11. Coverage Enforcement
- CI fails if line coverage < 80%, branch < 75%, ranking-pkg line < 90%.
- PR comment posts delta with Codecov.
npm run coverage:gateverified locally.
12. Test Data
Synthetic generator in test/fixtures/generator.ts creates deterministic corpora. No real tenant data in CI. Staging uses anonymized snapshot.
13. TDD Workflow (mandatory)
- Write red test.
- Minimum green impl.
- Refactor; re-run.
- Every new domain invariant = new unit test.

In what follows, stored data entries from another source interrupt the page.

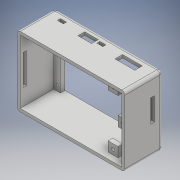
# Autodesk Inventor part: ttgofront
Saved by Autodesk Inventor 2017 (Build 210142000, 142)
## iProperties
Created: 2018-11-11
Part Number: ttgofront
Material: Generic
Document SubType Name: Modeling
Designer: simulator
Density: 1 g/cm^3
Appearance: Default
Author: simulator
Autodesk Inventor part; units mm, degrees
ref_plane "YZ Plane" through (0, 0, 0) normal (1, 0, 0) x (0, 1, 0)
ref_plane "XZ Plane" through (0, 0, 0) normal (0, 1, 0) x (-1, 0, 0)
ref_plane "XY Plane" through (0, 0, 0) normal (0, 0, 1) x (1, 0, 0)
sketch "Sketch1" plane through (0, 0, 0) normal (0, 1, 0) x (-1, 0, 0)
  line L0 (0, 21) -> (-67, 21)
  line L1 (-67, 21) -> (-67, -21)
  line L2 (-67, -21) -> (0, -21)
  line L3 (0, -21) -> (0, 21)
  line L4 (-4.5, 21) -> (-4.5, -21)
  line L5 (-60.5, 21) -> (-60.5, -21)
  line L6 (2, 23) -> (-69, 23)
  line L7 (-69, 23) -> (-69, -23)
  line L8 (-69, -23) -> (2, -23)
  line L9 (2, -23) -> (2, 23)
  line L10 (-32.322, -31.2235) -> (-36.822, -31.2235)
  line L11 (-36.822, -31.2235) -> (-36.822, -37.7235)
  line L12 (-36.822, -37.7235) -> (-32.322, -37.7235)
  line L13 (-32.322, -37.7235) -> (-32.322, -31.2235)
  line L14 (-32.322, -37.7235) -> (-36.822, -31.2235)
  line L15 (-67, -8.75) -> (-67, -15.25)
  line L16 (-67, 2.25) -> (-67, -4.25)
  line L17 (-67, 12.25) -> (-67, 5.75)
  line L18 (-66, -15.25) -> (-61.5, -15.25)
  line L19 (-61.5, -15.25) -> (-61.5, 14.25)
  line L20 (-61.5, 14.25) -> (-66, 14.25)
  line L21 (-66, 14.25) -> (-66, -15.25)
  point P0 (0, 0)
  point P1 (0, 0)
  point P2 (-2.5, -17.5)
  point P3 (-2.5, 18.5)
  point P4 (-63.5, 18.5)
  point P5 (-63.5, -17.5)
  point P6 (-34.572, -34.4735)
  dimension "d0" = 67
  dimension "d1" = 42
  dimension "d5" = 2.5
  dimension "d6" = 36
  dimension "d7" = 2.5
  dimension "d8" = 3.5
  dimension "d9" = 2.5
  dimension "d10" = 3.5
  dimension "d11" = 3.5
  dimension "d12" = 4.5
  dimension "d13" = 6.5
  dimension "d14" = 2
  dimension "d20" = 4.5
  dimension "d21" = 6.5
  dimension "d97" = 6.5
  dimension "d99" = 6.5
  dimension "d107" = 6.5
  dimension "d108" = 1
  dimension "d111" = 6.75
  dimension "d112" = 5.75
  dimension "d113" = 4.5
  constraints: 44 end point, 8 parallel, 6 perpendicular, 4 point on line, 3 horizontal, 2 midpoint, 1 coincident, 3 other
  measures "d0" distance of L2.end L1.end
  measures "d1" distance of L2.end L0.start
  measures "d5" distance from line of point (-2.5, -17.5) L3
  measures "d6" distance of point (-2.5, -17.5) point (-2.5, 18.5)
  measures "d7" distance from line of L0 point (-2.5, 18.5)
  measures "d8" distance from line of point (-63.5, 18.5) L1
  measures "d9" distance from line of L0 point (-63.5, 18.5)
  measures "d10" distance from line of point (-63.5, -17.5) L1
  measures "d11" distance from line of point (-63.5, -17.5) L2
  measures "d12" distance between parallel lines of L3 L4
  measures "d13" distance between parallel lines of L5 L1
  measures "d14" distance between parallel lines of L6 L0
  measures "d20" distance of L12.end L11.end
  measures "d21" distance of L11.end L10.end
  measures "d97" distance of L15.end L15.start
  measures "d99" distance of L16.end L16.start
  measures "d107" distance of L17.end L17.start
  measures "d108" distance from line of L18.start L1
  measures "d111" distance between parallel lines of L0 L20
  measures "d112" distance between parallel lines of L2 L18
  measures "d113" distance of L19.end L20.end
extrude "Extrusion1" add sketch "Sketch1" along normal blind 3 contours L3 L2 L4 L0 | L5 L2 L1 L0 | L9 L8 L7 L6 | L21 L20 L19 L18
sketch "Sketch2" plane through (0, 0, 0) normal (0, -1, 0) x (1, 0, 0)
  point P0 (0, 0)
  point P1 (2.5, 18.5)
  point P2 (2.5, -17.5)
  point P3 (63.5, -17.5)
  point P4 (63.5, 18.5)
hole "Hole1" at (2.5, 0, -17.5) at (2.5, 0, 18.5) at (63.5, 0, 18.5) at (63.5, 0, -17.5) direction (0, 1, 0) diameter 1.5 depth 2 tip angle 118
extrude "Extrusion2" add sketch "Sketch1" against normal blind 15 contours L9 L8 L7 L6
fillet "Fillet1" radius 2 8 edges at (-2, -6, 23) (-2, -6, -23) (69, -6, 23) (69, -6, -23) (33.5, 3, -23) (69, 3, 0) (33.5, 3, 23) (-2, 3, 0)
sketch "Sketch3" plane through (-2, -15, -21) normal (-1, 0, 0) x (0, 0, 1)
  line L0 (42, 15) -> (0, 15) projected
  line L1 (42, 16) -> (42, 0) projected
  point P0 (21, 15)
  point P1 (34.5, 7.5)
  dimension "d40" = 7.5
  dimension "d41" = 7.5
  measures "d40" distance from line of point (34.5, 7.5) L0
  measures "d41" distance from line of point (34.5, 7.5) L1
hole "Hole2" at (-2, -7.5, 13.5) direction (1, 0, 0) diameter 5.5 depth 5 tip angle 118
sketch "Sketch4" plane through (0, -15, 0) normal (0, -1, 0) x (1, 0, 0)
  arc A0 (67, -23) -> (69, -21) centre (67, -21) ccw projected
  line L0 (69, -21) -> (69, 21) projected
  arc A1 (69, 21) -> (67, 23) centre (67, 21) ccw projected
  line L1 (67, 23) -> (0, 23) projected
  arc A2 (0, 23) -> (-2, 21) centre (0, 21) ccw projected
  line L2 (-2, 21) -> (-2, -21) projected
  arc A3 (-2, -21) -> (0, -23) centre (0, -21) ccw projected
  line L3 (0, -23) -> (67, -23) projected
  line L4 (67, -21) -> (0, -21) projected
  line L5 (0, -21) -> (0, 21) projected
  line L6 (0, 21) -> (67, 21) projected
  line L7 (67, 21) -> (67, -21) projected
  line L8 (67, 21) -> (60.5, 21) projected
  line L9 (67, 21) -> (62, 21)
  line L10 (62, 21) -> (62, 16)
  line L11 (62, 16) -> (67, 16)
  line L12 (67, 16) -> (67, 21)
  line L13 (60.5, -21) -> (67, -21) projected
  line L14 (67, -21) -> (62, -21)
  line L15 (62, -21) -> (62, -16)
  line L16 (62, -16) -> (67, -16)
  line L17 (67, -16) -> (67, -21)
  line L18 (0, -21) -> (5, -21)
  line L19 (5, -21) -> (5, -16)
  line L20 (5, -16) -> (0, -16)
  line L21 (0, -16) -> (0, -21)
  line L22 (0, 21) -> (5, 21)
  line L23 (5, 21) -> (5, 16)
  line L24 (5, 16) -> (0, 16)
  line L25 (0, 16) -> (0, 21)
  point P0 (0, 0)
  dimension "d49" = 5
  dimension "d50" = 5
  dimension "d51" = 5
  dimension "d52" = 5
  dimension "d53" = 5
  dimension "d54" = 5
  dimension "d55" = 5
  dimension "d56" = 5
  constraints: 32 end point, 8 parallel, 4 horizontal, 4 perpendicular
  measures "d49" distance of L11.end L10.end
  measures "d50" distance of L10.end L9.end
  measures "d51" distance of L15.end L16.end
  measures "d52" distance of L14.end L15.end
  measures "d53" distance of L20.end L19.end
  measures "d54" distance of L19.end L18.end
  measures "d55" distance of L23.end L24.end
  measures "d56" distance of L22.end L23.end
sketch "Sketch6" plane through (69, 1, 21) normal (1, 0, 0) x (0, 0, -1)
  line L0 (42, 0) -> (42, -16) projected
  line L1 (0, 0) -> (42, 0) projected
  line L2 (0, -16) -> (0, 0) projected
  line L3 (42, -1) -> (0, -1) projected
  line L4 (25, -3.5) -> (10, -3.5)
  line L5 (10, -3.5) -> (10, -6)
  line L6 (10, -6) -> (25, -6)
  line L7 (25, -6) -> (25, -3.5)
  line L8 (42, -1) -> (42, -16) projected
  line L9 (0, -1) -> (0, -16) projected
  line L10 (42, -1) -> (0, -1) projected
  line L11 (0, -16) -> (42, -16) projected
  line L12 (42, -16) -> (0, -16) projected
  point P0 (21, -1)
  dimension "d68" = 15
  dimension "d69" = 2.5
  dimension "d70" = 10
  dimension "d71" = 2.5
  constraints: 8 end point, 2 parallel, 1 horizontal, 1 perpendicular
  measures "d68" distance of L6.end L5.end
  measures "d69" distance of L5.end L4.end
  measures "d70" distance between parallel lines of L5 L2
  measures "d71" distance between parallel lines of L3 L4
extrude "Extrusion5" cut sketch "Sketch6" against normal blind 10 contours L7 L6 L5 L4
sketch "Sketch7" plane through (0, 1, 23) normal (0, 0, 1) x (1, 0, 0)
  line L0 (67, 0) -> (67, 2) projected
  line L1 (67, 2) -> (60.5, 2) projected
  line L2 (60.5, 2) -> (4.5, 2) projected
  line L3 (4.5, 2) -> (0, 2) projected
  line L4 (0, 2) -> (0, 0) projected
  line L5 (0, 0) -> (67, 0) projected
  line L6 (67, 0) -> (67, -16) projected
  line L7 (0, 0) -> (67, 0) projected
  line L8 (0, -16) -> (0, 0) projected
  line L9 (-16.7799, -1) -> (83.7799, -1) projected
  line L10 (15.2278, 9.5342) -> (19.2278, 9.5342)
  line L11 (19.2278, 9.5342) -> (19.2278, 11.5342)
  line L12 (19.2278, 11.5342) -> (15.2278, 11.5342)
  line L13 (15.2278, 11.5342) -> (15.2278, 9.5342)
  line L14 (19.2278, 9.5342) -> (15.2278, 11.5342)
  line L15 (21.5, -6.5) -> (30.5, -6.5)
  line L16 (30.5, -6.5) -> (30.5, -2)
  line L17 (30.5, -2) -> (21.5, -2)
  line L18 (21.5, -2) -> (21.5, -6.5)
  line L19 (60, -2.5) -> (47, -2.5)
  line L20 (47, -2.5) -> (47, -7.5)
  line L21 (47, -7.5) -> (60, -7.5)
  line L22 (60, -7.5) -> (60, -2.5)
  line L23 (6, -4.5) -> (10, -4.5)
  line L24 (10, -4.5) -> (10, -2.5)
  line L25 (10, -2.5) -> (6, -2.5)
  line L26 (6, -2.5) -> (6, -4.5)
  line L27 (10, -4.5) -> (6, -2.5)
  line L28 (32, -4.5) -> (36, -4.5)
  line L29 (36, -4.5) -> (36, -2.5)
  line L30 (36, -2.5) -> (32, -2.5)
  line L31 (32, -2.5) -> (32, -4.5)
  line L32 (36, -4.5) -> (32, -2.5)
  line L33 (67, -16) -> (0, -16) projected
  point P0 (0, -1)
  point P1 (8, -3.5)
  point P2 (17.2278, 10.5342)
  point P3 (34, -3.5)
  point P4 (8, -3.5)
  point P5 (34, -3.5)
  dimension "d74" = 2.5
  dimension "d75" = 8
  dimension "d76" = 4
  dimension "d77" = 2
  dimension "d78" = 21.5
  dimension "d79" = 30.5
  dimension "d80" = 4.5
  dimension "d81" = 1
  dimension "d82" = 34
  dimension "d83" = 2.5
  dimension "d84" = 47
  dimension "d85" = 60
  dimension "d86" = 5
  dimension "d87" = 1.5
  dimension "d88" = 4
  dimension "d89" = 2
  dimension "d90" = 4
  dimension "d91" = 2
  constraints: 46 end point, 10 parallel, 5 horizontal, 5 perpendicular, 3 midpoint
  measures "d74" distance from line of point (8, -3.5) L9
  measures "d75" distance from line of point (8, -3.5) L8
  measures "d76" distance of L12.end L11.end
  measures "d77" distance of L11.end L10.end
  measures "d78" distance between parallel lines of L8 L18
  measures "d79" distance between parallel lines of L8 L16
  measures "d80" distance of L17.end L15.start
  measures "d81" distance between parallel lines of L17 L9
  measures "d82" distance from line of point (34, -3.5) L8
  measures "d83" distance from line of point (34, -3.5) L9
  measures "d84" distance between parallel lines of L20 L8
  measures "d85" distance between parallel lines of L8 L22
  measures "d86" distance of L19.end L20.end
  measures "d87" distance between parallel lines of L19 L9
  measures "d88" distance of L25.end L24.end
  measures "d89" distance of L24.end L23.end
  measures "d90" distance of L30.end L29.end
  measures "d91" distance of L29.end L28.end
extrude "Extrusion6" cut sketch "Sketch7" against normal blind 10 contours L18 L17 L16 L15 | L22 L21 L20 L19 | L26 L27 L23 | L27 L25 L24 | L31 L32 L28 | L32 L30 L29
extrude "Extrusion7" cut sketch "Sketch1" along normal through all contours L21 L20 L19 L18
sketch "Sketch8" plane through (0, -15, 0) normal (0, -1, 0) x (1, 0, 0)
  arc A0 (67, -23) -> (69, -21) centre (67, -21) ccw projected
  line L0 (69, -21) -> (69, 21) projected
  arc A1 (69, 21) -> (67, 23) centre (67, 21) ccw projected
  line L1 (67, 23) -> (0, 23) projected
  arc A2 (0, 23) -> (-2, 21) centre (0, 21) ccw projected
  line L2 (-2, 21) -> (-2, -21) projected
  arc A3 (-2, -21) -> (0, -23) centre (0, -21) ccw projected
  line L3 (0, -23) -> (67, -23) projected
  line L4 (67, -21) -> (0, -21) projected
  line L5 (0, -21) -> (0, 21) projected
  line L6 (0, 21) -> (67, 21) projected
  line L7 (67, 21) -> (67, -21) projected
  line L8 (67, 21) -> (60.5, 21)
  line L9 (60.5, 21) -> (60.5, 14.5)
  line L10 (67, 14.5) -> (67, 21)
  line L11 (67, -21) -> (67, 21) projected
  line L12 (60.5, -21) -> (60.5, -14.5)
  line L13 (67, -14.5) -> (67, -21)
  line L14 (67, 21) -> (69, 21) projected
  line L15 (54, 14.5) -> (60.5, 14.5)
  line L16 (60.5, 14.5) -> (60.5, 21)
  line L17 (60.5, 21) -> (54, 21)
  line L18 (54, 21) -> (54, 14.5)
  line L19 (54, -21) -> (60.5, -21)
  line L20 (60.5, -21) -> (60.5, -14.5)
  line L21 (60.5, -14.5) -> (54, -14.5)
  line L22 (54, -14.5) -> (54, -21)
  line L23 (54, 21) -> (60.5, 14.5)
  line L24 (54, -21) -> (60.5, -14.5)
  line L25 (60.5, -3.25) -> (67, -3.25)
  line L26 (67, -3.25) -> (67, 3.25)
  line L27 (67, 3.25) -> (60.5, 3.25)
  line L28 (60.5, 3.25) -> (60.5, -3.25)
  line L29 (60.5, 3.25) -> (67, -3.25)
  line L30 (67, 14.5) -> (67, -14.5)
  point P0 (0, 0)
  point P1 (67, 0)
  point P2 (57.25, 17.75)
  point P3 (63.75, 0)
  point P4 (57.25, -17.75)
  dimension "d115" = 6.5
  dimension "d117" = 6.5
  dimension "d157" = 6.5
  dimension "d159" = 6.5
  dimension "d162" = 6.5
  dimension "d163" = 6.5
  dimension "d164" = 6.5
  constraints: 42 end point, 8 parallel, 5 midpoint, 4 horizontal, 4 perpendicular, 1 collinear, 1 point on line
  measures "d115" distance of L9.end L8.end
  measures "d117" distance of L12.start L12.end
  measures "d157" distance of L17.end L16.end
  measures "d159" distance of L21.end L20.end
  measures "d162" distance of L26.end L25.end
  measures "d163" distance between parallel lines of L16 L10
  measures "d164" distance between parallel lines of L11 L20
extrude "Extrusion8" add sketch "Sketch8" along normal blind 3 contours L3 A3 L2 A2 L1 A1 L0 A0 | L4 L24 L12 | L22 L21 L24 | L29 L27 L7 | L25 L28 L29 | L23 L15 L18 | L6 L9 L23
sketch "Sketch9" plane through (0, -18, 0) normal (0, -1, 0) x (1, 0, 0)
  line L0 (67, -21) -> (60.5, -21) projected
  line L1 (0, -21) -> (0, 21) projected
  line L2 (0, 21) -> (54, 21) projected
  line L3 (67, 21) -> (67, 3.25) projected
  arc A0 (67, -23) -> (69, -21) centre (67, -21) ccw projected
  line L4 (69, -21) -> (69, 21) projected
  arc A1 (69, 21) -> (67, 23) centre (67, 21) ccw projected
  line L5 (67, 23) -> (0, 23) projected
  arc A2 (0, 23) -> (-2, 21) centre (0, 21) ccw projected
  line L6 (-2, 21) -> (-2, -21) projected
  arc A3 (-2, -21) -> (0, -23) centre (0, -21) ccw projected
  line L7 (0, -23) -> (67, -23) projected
  line L8 (69, -21) -> (67, -21) projected
  line L9 (67, -21) -> (60.5, -14.5)
  line L10 (67, 21) -> (69, 21) projected
  line L11 (67, 21) -> (60.5, 14.5)
  line L12 (60.5, -21) -> (60.5, -14.5) projected
  line L13 (60.5, -14.5) -> (54, -14.5) projected
  line L14 (54, -14.5) -> (54, -21) projected
  line L15 (54, -21) -> (0, -21) projected
  line L16 (54, 21) -> (54, 14.5) projected
  line L17 (54, 14.5) -> (60.5, 14.5) projected
  line L18 (60.5, 14.5) -> (60.5, 21) projected
  line L19 (60.5, 21) -> (67, 21) projected
  line L20 (67, 3.25) -> (60.5, 3.25) projected
  line L21 (60.5, 3.25) -> (60.5, -3.25) projected
  line L22 (60.5, -3.25) -> (67, -3.25) projected
  line L23 (67, -3.25) -> (67, -21) projected
  point P0 (0, 0)
  point P1 (63.75, -17.75)
  point P2 (63.75, 17.75)
  constraints: 4 end point, 2 midpoint, 1 perpendicular
sketch "Sketch10" plane through (0, -18, 0) normal (0, -1, 0) x (1, 0, 0)
  line L0 (0, 16.25) -> (-2, 16.25) projected
  line L1 (67, -21) -> (60.5, -21) projected
  line L2 (0, -21) -> (0, 21) projected
  line L3 (0, 21) -> (54, 21) projected
  line L4 (67, 21) -> (67, 3.25) projected
  arc A0 (67, -23) -> (69, -21) centre (67, -21) ccw projected
  line L5 (69, -21) -> (69, 21) projected
  arc A1 (69, 21) -> (67, 23) centre (67, 21) ccw projected
  line L6 (67, 23) -> (0, 23) projected
  arc A2 (0, 23) -> (-2, 21) centre (0, 21) ccw projected
  line L7 (-2, 21) -> (-2, -21) projected
  arc A3 (-2, -21) -> (0, -23) centre (0, -21) ccw projected
  line L8 (0, -23) -> (67, -23) projected
  line L9 (-2, -10) -> (0, -10)
  line L10 (0, -10) -> (0, 10)
  line L11 (0, 10) -> (-2, 10)
  line L12 (-2, 10) -> (-2, -10)
  line L13 (0, -21) -> (4.5, -21) projected
  line L14 (67, 21) -> (0, 21)
  line L15 (0, 21) -> (0, -21)
  line L16 (0, -21) -> (67, -21)
  line L17 (67, -21) -> (67, 21)
  line L18 (60.5, -21) -> (60.5, -14.5) projected
  line L19 (60.5, -14.5) -> (54, -14.5) projected
  line L20 (54, -14.5) -> (54, -21) projected
  line L21 (54, -21) -> (0, -21) projected
  line L22 (54, 21) -> (54, 14.5) projected
  line L23 (54, 14.5) -> (60.5, 14.5) projected
  line L24 (60.5, 14.5) -> (60.5, 21) projected
  line L25 (60.5, 21) -> (67, 21) projected
  line L26 (67, 3.25) -> (60.5, 3.25) projected
  line L27 (60.5, 3.25) -> (60.5, -3.25) projected
  line L28 (60.5, -3.25) -> (67, -3.25) projected
  line L29 (67, -3.25) -> (67, -21) projected
  point P0 (0, 0)
  dimension "d127" = 10
  dimension "d128" = 10
  constraints: 16 end point, 4 parallel, 2 horizontal, 2 perpendicular, 2 point on line
  measures "d127" distance from line of point (0, 0) L11
  measures "d128" distance from line of point (0, 0) L9
extrude "Extrusion9" add sketch "Sketch10" along normal blind 2 contours L2 L11 L7 L0 | L0 L7 A2 L6 A1 L5 A0 L8 A3 L9 L2 L13 L16 L1 L17 L4 L14 L3
sketch "Sketch11" plane through (0, -20, 0) normal (0, -1, 0) x (1, 0, 0)
  line L0 (0, -21) -> (0, -10) projected
  line L1 (0, -10) -> (-2, -10) projected
  line L2 (-2, -10) -> (-2, -21) projected
  arc A0 (-2, -21) -> (0, -23) centre (0, -21) ccw projected
  line L3 (0, -23) -> (67, -23) projected
  arc A1 (67, -23) -> (69, -21) centre (67, -21) ccw projected
  line L4 (69, -21) -> (69, 21) projected
  arc A2 (69, 21) -> (67, 23) centre (67, 21) ccw projected
  line L5 (67, 23) -> (0, 23) projected
  arc A3 (0, 23) -> (-2, 21) centre (0, 21) ccw projected
  line L6 (-2, 21) -> (-2, 10) projected
  line L7 (-2, 10) -> (0, 10) projected
  line L8 (0, 10) -> (0, 21) projected
  line L9 (0, 21) -> (67, 21) projected
  line L10 (67, 21) -> (67, -21) projected
  line L11 (67, -21) -> (0, -21) projected
  line L12 (-2, -10) -> (0, -10) projected
  line L13 (0, -10) -> (0, 10) projected
  line L14 (0, 10) -> (-2, 10) projected
  line L15 (-2, 10) -> (-2, -10) projected
  point P0 (0, 0)
extrude "Extrusion10" add sketch "Sketch11" along normal blind 2 contours L11 L10 L9 L8 L7 L6 A3 L5 A2 L4 A1 L3 A0 L2 L1 L0 | L1 L15 L7 L13
sketch "Sketch13" plane through (0, 3, 0) normal (0, 1, 0) x (1, 0, 0)
  line L0 (66, 15.25) -> (66, -14.25) projected
  line L1 (66, -14.25) -> (61.5, -14.25) projected
  line L2 (61.5, -14.25) -> (61.5, 15.25) projected
  line L3 (61.5, 15.25) -> (66, 15.25) projected
  line L4 (67, -21) -> (60.5, -21) projected
  line L5 (67, 21) -> (67, -21) projected
  line L6 (60.5, 21) -> (67, 21) projected
  line L7 (60.5, 21) -> (60.5, -21) projected
  line L8 (66, -14.25) -> (66, 15.25) projected
  line L9 (66, -13.25) -> (62, -13.25)
  line L10 (62, -13.25) -> (62, -6.75)
  line L11 (62, -6.75) -> (66, -6.75)
  line L12 (66, -6.75) -> (66, -13.25)
  line L13 (66, 14.25) -> (62, 14.25)
  line L14 (62, 14.25) -> (62, 7.75)
  line L15 (62, 7.75) -> (66, 7.75)
  line L16 (66, 7.75) -> (66, 14.25)
  line L17 (66, 3.75) -> (62, 3.75)
  line L18 (62, 3.75) -> (62, -2.75)
  line L19 (62, -2.75) -> (66, -2.75)
  line L20 (66, -2.75) -> (66, 3.75)
  line L21 (61.5, -14.25) -> (66, -14.25) projected
  line L22 (66, -14.25) -> (66, 15.25)
  point P0 (0, 0)
  point P1 (66, 0.5)
  dimension "d147" = 4
  dimension "d148" = 6.5
  dimension "d149" = 4
  dimension "d150" = 6.5
  dimension "d151" = 4
  dimension "d152" = 6.5
  dimension "d153" = 1
  dimension "d154" = 1
  constraints: 26 end point, 7 parallel, 3 horizontal, 3 perpendicular, 3 point on line, 2 midpoint
  measures "d147" distance of L10.end L11.end
  measures "d148" distance of L9.end L10.end
  measures "d149" distance of L15.end L14.end
  measures "d150" distance of L14.end L13.end
  measures "d151" distance of L19.end L18.end
  measures "d152" distance of L18.end L17.end
  measures "d153" distance between parallel lines of L1 L9
  measures "d154" distance between parallel lines of L3 L13
extrude "Extrusion12" add sketch "Sketch13" against normal blind 0.5 contours L0 L15 L14 L13 | L0 L19 L18 L17 | L9 L10 L11 L0
hole "Hole5" at (57.25, -15, 17.75) at (63.75, -15, 0) at (57.25, -15, -17.75) direction (0, -1, 0) diameter 2 depth 8 tip angle 118
body "Solid1"

- Every new endpoint = contract + happy path + at least 2 negative paths.
14. Flaky Test Policy
- Any test flaking > 1% over 14d → quarantined + ticket filed → must be fixed within 2 sprints or deleted.
- Integration tests use deterministic embedding stubs to prevent floating-point flakiness.